There are pre-market and after-market trades on many exchanges --- hence the "Extended hours" condition code, which you can filter out. As for sub-market, see the second reference at the bottom of https://github.com/rcyeh/cfem2013/blob/master/reference_data/tick_file_formats.txt, which should lead you to https://www.nasdaqtrader.com/content/technicalsupport/specifications/utp/utdfspecification.pdf. I don't think it is a useful field.

If I do a non-overflowing cal_quotes_EMA3

dt <- c(1e3, diff(a$exchange_time[a$type == 'Q']))
iw <- exp(-dt*alpha)
mid <- 0.5 * (a$bid[a$type == 'Q'] + a$ask[a$type == 'Q'])
emamid <- mid
rs <- 0;
rw <- 0;
for (i in c(1:length(emamid))) {
  rs <- rs * iw[i] + mid[i];
  rw <- rw * iw[i] + 1;
  emamid[i] <- rs / rw;
}
return emamid;

then it's slow again, but the for loop is still 2x-3x as fast as:

rs <<- 0
rw <<- 0
emamid <- apply(data.frame(iw, mid), 1, function (x) { rs <<- rs * x[1] + x[2]; rw <<- rw * x[1] + 1; return (rs/rw); })

I don't have anything faster at this time.

zc238 commented 10 years ago

Hi, I am happy with the current performance. It is not the fastest possible, but I think we can work with it. As for the decay rate parameter, though we are considering all historical quotes instead of just a pre-specified interval, it should achieve the general purpose.

Just a precursor to the draft report, we find regressing SOI*cross term against EMA(MID QUOTES) yield great results for both concurrent and one step ahead prediction. But when applied to the quotes, the results are not as satisfactory.

jx226 commented 10 years ago

@rcyeh Thanks for the prompt reply.

By saying that I am not understanding the time, I mean that the time for first trade is given as "2013-10-01 12:05:36.207671" . So I was confused by this time. I thought I should use this time to identify the non-trading hour/trading hour trades.

Also thanks for explaining the "Extended hours" condition code to me. Since we have hasq() to filter out non-trading hour trades. I think it is no longer necessary to figure out the right display of the time variable for identification purpose.

rcyeh commented 10 years ago

@zc238 I don't follow exactly. What is the cross term? What are you applying to quotes? What are great results and unsatisfactory results?

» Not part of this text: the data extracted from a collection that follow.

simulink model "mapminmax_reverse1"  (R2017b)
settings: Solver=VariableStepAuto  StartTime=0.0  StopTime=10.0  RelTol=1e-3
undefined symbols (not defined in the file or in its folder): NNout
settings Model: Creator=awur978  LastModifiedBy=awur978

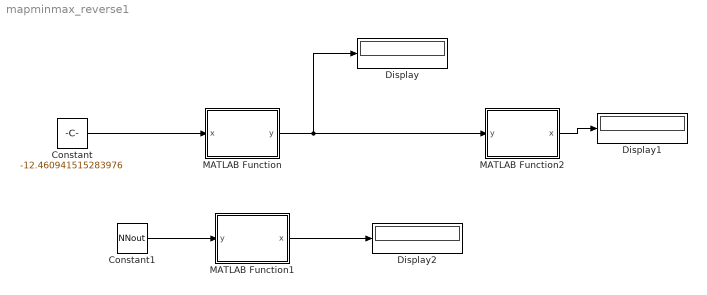
== system mapminmax_reverse1 ==
  Constant : Constant  Value=-12.460941515283976
  Constant1 : Constant  Value=NNout
  Display : Display
  Display1 : Display
  Display2 : Display
  MATLAB Function : MATLAB Function  TreatAsAtomicUnit=on
  MATLAB Function1 : MATLAB Function  TreatAsAtomicUnit=on
  MATLAB Function2 : MATLAB Function  TreatAsAtomicUnit=on
  wires:
  MATLAB Function/1(y) -> Display/1, MATLAB Function2/1(y)
  Constant/1 -> MATLAB Function/1(x)
  MATLAB Function2/1(x) -> Display1/1
  Constant1/1 -> MATLAB Function1/1(y)
  MATLAB Function1/1(x) -> Display2/1

== matlab function mapminmax_reverse1/MATLAB Function1 ==
  data: y input; x output
function x =mapminmax_reverse(y)
   ymax = 1;ymin=-1;xmin=-12.4609;xmax=7.0414;
    x=(((y*(xmax-xmin)) -( ymin*(xmax-xmin)))/(ymax-ymin))+xmin;
end

== matlab function mapminmax_reverse1/MATLAB Function ==
  data: x input; y output
function y =mapminmax_forward(x)
    ymax = 1;ymin=-1;xmin=-12.4609;xmax=7.0414;
    y = (ymax-ymin)*(x-xmin)/(xmax-xmin) + ymin;
end

== matlab function mapminmax_reverse1/MATLAB Function2 ==
  data: y input; x output
function x =mapminmax_reverse(y)
   ymax = 1;ymin=-1;xmin=-12.4609;xmax=7.0414;
    x=(((y*(xmax-xmin)) -( ymin*(xmax-xmin)))/(ymax-ymin))+xmin;
end

@jx226 12:05:36.... UTC is 8:05:36... EDT. 9:30 EDT is 13:30 UTC.

zc238 commented 10 years ago

@rcyeh So lm(log(EMA[QMid(t)]/EMA[QMid(t-1)]) ~ SOI(t) * Var(bucket prices(t))) and lm(log(EMA[QMid(t+1)]/EMA[QMid(t)]) ~ SOI(t) * Var(bucket prices(t))) give good R^2 for certain stocks, but if we do buy/sell classification based on EMA(QMid(t)), and regress QMid(t) against SOI(t) * Var(bucket prices), aka the old approach except changing the buy/sell classification rule based on EMA of mid quotes, it does not improve the results by much. More details will be in the report.